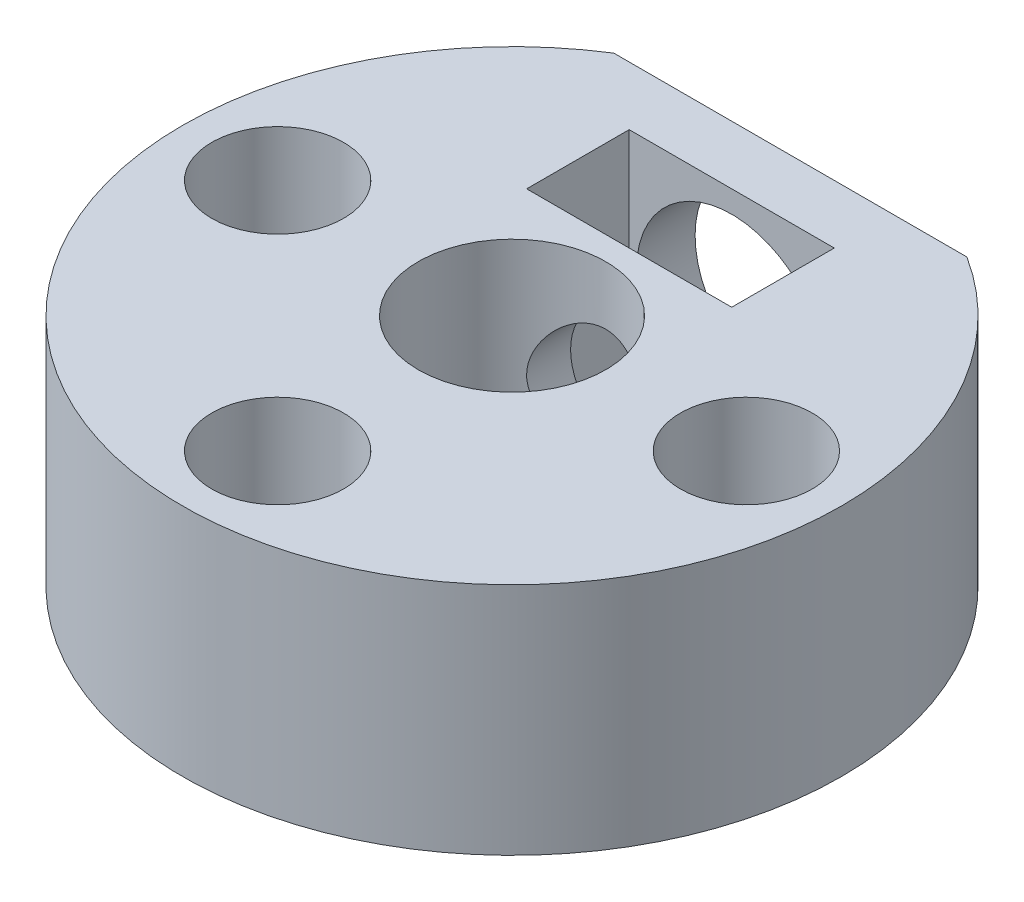
from build123d import *

# Parameters (mm, degrees)
BOSS_EXTRU_1_DEPTH                              = 8
SKETCH1_R                                       = 3.2
CUT_EXTRUDE1_DEPTH                              = 18.808003819
ESQUISSE7_W                                     = 7
ESQUISSE7_H                                     = 3.5
ENL_V_MAT_EXTRU_2_DEPTH                         = 18.808003819
CHAMBRAGE_POUR_VIS_T_TE_CYLINDRIQUE_D           = 2.5
CHAMBRAGE_POUR_VIS_T_TE_CYLINDRIQUE_CBORE_D     = 4.5
CHAMBRAGE_POUR_VIS_T_TE_CYLINDRIQUE_CBORE_DEPTH = 5.3
CBORE_FOR_M5_HEX_HEAD_BOLT1_D                   = 4
CBORE_FOR_M5_HEX_HEAD_BOLT1_DEPTH               = 9.499
CBORE_FOR_M5_HEX_HEAD_BOLT1_CBORE_D             = 6.5
CBORE_FOR_M5_HEX_HEAD_BOLT1_CBORE_DEPTH         = 2
CBORE_FOR_M5_HEX_HEAD_BOLT1_TIP                 = 1.201721238


with BuildPart() as part:
    # Esquisse1 → Boss.-Extru.1 (new body)
    with BuildSketch(Plane(origin=(0, 0, 0), x_dir=(1, 0, 0), z_dir=(0, 1, 0))):
        with BuildLine():
            Line((6.025985397, 9.5), (-6.025985397, 9.5))
            ThreePointArc((-6.025985397, 9.5), (0, -11.25), (6.025985397, 9.5))
        make_face()
    extrude(amount=BOSS_EXTRU_1_DEPTH)

    # Sketch1 → Cut-Extrude1 (cut, through all)
    with BuildSketch(Plane(origin=(0, 8, 0), x_dir=(1, 0, 0), z_dir=(0, 1, 0))):
        with Locations(Location((0, 0, 0), (0, 0, 270))):
            Circle(SKETCH1_R)
    extrude(amount=-CUT_EXTRUDE1_DEPTH, mode=Mode.SUBTRACT)

    # Esquisse7 → Enlèv. mat.-Extru.2 (cut, through all)
    with BuildSketch(Plane(origin=(0, 8, 0), x_dir=(1, 0, 0), z_dir=(0, 1, 0))):
        with Locations((0, 5.75)):
            Rectangle(ESQUISSE7_W, ESQUISSE7_H)
    extrude(amount=-ENL_V_MAT_EXTRU_2_DEPTH, mode=Mode.SUBTRACT)

    # Chambrage pour vis à tête cylindrique à 6 pans creux (ou vis CHC) M21 (through all)
    with Locations(Plane(origin=(0, 8, 0), x_dir=(1, 0, 0), z_dir=(0, 1, 0))):
        with Locations((-8, 0), (0, -8), (8, 0)):
            CounterBoreHole(CHAMBRAGE_POUR_VIS_T_TE_CYLINDRIQUE_D / 2, CHAMBRAGE_POUR_VIS_T_TE_CYLINDRIQUE_CBORE_D / 2, CHAMBRAGE_POUR_VIS_T_TE_CYLINDRIQUE_CBORE_DEPTH)

    # CBORE for M5 Hex Head Bolt1
    with Locations(Plane(origin=(0, 0, -9.5), x_dir=(-1, 0, 0), z_dir=(0, 0, -1))):
        with Locations((0, 4)):
            CounterBoreHole(CBORE_FOR_M5_HEX_HEAD_BOLT1_D / 2, CBORE_FOR_M5_HEX_HEAD_BOLT1_CBORE_D / 2, CBORE_FOR_M5_HEX_HEAD_BOLT1_CBORE_DEPTH, depth=CBORE_FOR_M5_HEX_HEAD_BOLT1_DEPTH)
            with Locations((0, 0, -(CBORE_FOR_M5_HEX_HEAD_BOLT1_DEPTH + CBORE_FOR_M5_HEX_HEAD_BOLT1_TIP / 2))):  # 118° drill point
                Cone(0, CBORE_FOR_M5_HEX_HEAD_BOLT1_D / 2, CBORE_FOR_M5_HEX_HEAD_BOLT1_TIP, mode=Mode.SUBTRACT)


solid = part.part
====
PROBLEM STATEMENT =>
Where a line of the records contains the word "origin", copy that line.

ANSWER SPACE =>
    with BuildSketch(Plane(origin=(0, 0, 0), x_dir=(1, 0, 0), z_dir=(0, 1, 0))):
    with BuildSketch(Plane(origin=(0, 8, 0), x_dir=(1, 0, 0), z_dir=(0, 1, 0))):
    with BuildSketch(Plane(origin=(0, 8, 0), x_dir=(1, 0, 0), z_dir=(0, 1, 0))):
    with Locations(Plane(origin=(0, 8, 0), x_dir=(1, 0, 0), z_dir=(0, 1, 0))):
    with Locations(Plane(origin=(0, 0, -9.5), x_dir=(-1, 0, 0), z_dir=(0, 0, -1))):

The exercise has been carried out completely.